PROBLEM TO SOLVE
The response must restate all of the data word for word.
....
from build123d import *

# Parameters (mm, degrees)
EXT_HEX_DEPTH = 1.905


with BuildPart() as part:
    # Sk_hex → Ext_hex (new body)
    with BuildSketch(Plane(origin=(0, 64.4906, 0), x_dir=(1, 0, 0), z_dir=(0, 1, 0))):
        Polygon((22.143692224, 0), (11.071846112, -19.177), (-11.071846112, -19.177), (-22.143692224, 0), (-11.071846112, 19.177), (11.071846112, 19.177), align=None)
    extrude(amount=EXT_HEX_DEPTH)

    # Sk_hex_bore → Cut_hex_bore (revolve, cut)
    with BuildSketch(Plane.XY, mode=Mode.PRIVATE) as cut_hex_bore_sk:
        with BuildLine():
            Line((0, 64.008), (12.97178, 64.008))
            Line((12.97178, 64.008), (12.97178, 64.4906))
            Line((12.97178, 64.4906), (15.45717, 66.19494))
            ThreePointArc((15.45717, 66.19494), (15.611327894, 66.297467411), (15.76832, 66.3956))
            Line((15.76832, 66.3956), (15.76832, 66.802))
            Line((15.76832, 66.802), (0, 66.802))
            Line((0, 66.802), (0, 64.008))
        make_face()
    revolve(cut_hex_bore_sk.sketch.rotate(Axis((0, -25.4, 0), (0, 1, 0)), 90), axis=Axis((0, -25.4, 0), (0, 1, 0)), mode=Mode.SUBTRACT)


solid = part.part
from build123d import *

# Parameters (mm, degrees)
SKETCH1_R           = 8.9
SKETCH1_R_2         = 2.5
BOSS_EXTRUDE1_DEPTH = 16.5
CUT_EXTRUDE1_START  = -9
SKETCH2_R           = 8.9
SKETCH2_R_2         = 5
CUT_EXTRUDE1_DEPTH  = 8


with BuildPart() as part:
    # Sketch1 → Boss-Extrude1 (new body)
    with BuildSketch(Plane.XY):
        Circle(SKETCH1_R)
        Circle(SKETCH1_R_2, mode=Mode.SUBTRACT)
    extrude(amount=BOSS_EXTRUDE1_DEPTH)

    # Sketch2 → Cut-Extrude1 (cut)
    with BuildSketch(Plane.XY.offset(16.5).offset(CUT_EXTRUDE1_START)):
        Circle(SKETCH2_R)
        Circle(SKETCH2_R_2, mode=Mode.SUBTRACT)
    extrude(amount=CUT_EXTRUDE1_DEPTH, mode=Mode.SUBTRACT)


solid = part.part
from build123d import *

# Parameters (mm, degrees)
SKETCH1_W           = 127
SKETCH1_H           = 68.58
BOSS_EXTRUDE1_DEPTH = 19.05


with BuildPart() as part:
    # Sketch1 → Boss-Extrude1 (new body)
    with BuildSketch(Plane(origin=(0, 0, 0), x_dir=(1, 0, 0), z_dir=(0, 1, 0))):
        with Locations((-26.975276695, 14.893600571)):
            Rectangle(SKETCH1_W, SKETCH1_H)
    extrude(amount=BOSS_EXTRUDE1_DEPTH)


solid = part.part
....
EXERCISE RESULT
from build123d import *

# Parameters (mm, degrees)
EXT_HEX_DEPTH = 1.905


with BuildPart() as part:
    # Sk_hex → Ext_hex (new body)
    with BuildSketch(Plane(origin=(0, 64.4906, 0), x_dir=(1, 0, 0), z_dir=(0, 1, 0))):
        Polygon((22.143692224, 0), (11.071846112, -19.177), (-11.071846112, -19.177), (-22.143692224, 0), (-11.071846112, 19.177), (11.071846112, 19.177), align=None)
    extrude(amount=EXT_HEX_DEPTH)

    # Sk_hex_bore → Cut_hex_bore (revolve, cut)
    with BuildSketch(Plane.XY, mode=Mode.PRIVATE) as cut_hex_bore_sk:
        with BuildLine():
            Line((0, 64.008), (12.97178, 64.008))
            Line((12.97178, 64.008), (12.97178, 64.4906))
            Line((12.97178, 64.4906), (15.45717, 66.19494))
            ThreePointArc((15.45717, 66.19494), (15.611327894, 66.297467411), (15.76832, 66.3956))
            Line((15.76832, 66.3956), (15.76832, 66.802))
            Line((15.76832, 66.802), (0, 66.802))
            Line((0, 66.802), (0, 64.008))
        make_face()
    revolve(cut_hex_bore_sk.sketch.rotate(Axis((0, -25.4, 0), (0, 1, 0)), 90), axis=Axis((0, -25.4, 0), (0, 1, 0)), mode=Mode.SUBTRACT)


solid = part.part
from build123d import *

# Parameters (mm, degrees)
SKETCH1_R           = 8.9
SKETCH1_R_2         = 2.5
BOSS_EXTRUDE1_DEPTH = 16.5
CUT_EXTRUDE1_START  = -9
SKETCH2_R           = 8.9
SKETCH2_R_2         = 5
CUT_EXTRUDE1_DEPTH  = 8


with BuildPart() as part:
    # Sketch1 → Boss-Extrude1 (new body)
    with BuildSketch(Plane.XY):
        Circle(SKETCH1_R)
        Circle(SKETCH1_R_2, mode=Mode.SUBTRACT)
    extrude(amount=BOSS_EXTRUDE1_DEPTH)

    # Sketch2 → Cut-Extrude1 (cut)
    with BuildSketch(Plane.XY.offset(16.5).offset(CUT_EXTRUDE1_START)):
        Circle(SKETCH2_R)
        Circle(SKETCH2_R_2, mode=Mode.SUBTRACT)
    extrude(amount=CUT_EXTRUDE1_DEPTH, mode=Mode.SUBTRACT)


solid = part.part
from build123d import *

# Parameters (mm, degrees)
SKETCH1_W           = 127
SKETCH1_H           = 68.58
BOSS_EXTRUDE1_DEPTH = 19.05


with BuildPart() as part:
    # Sketch1 → Boss-Extrude1 (new body)
    with BuildSketch(Plane(origin=(0, 0, 0), x_dir=(1, 0, 0), z_dir=(0, 1, 0))):
        with Locations((-26.975276695, 14.893600571)):
            Rectangle(SKETCH1_W, SKETCH1_H)
    extrude(amount=BOSS_EXTRUDE1_DEPTH)


solid = part.part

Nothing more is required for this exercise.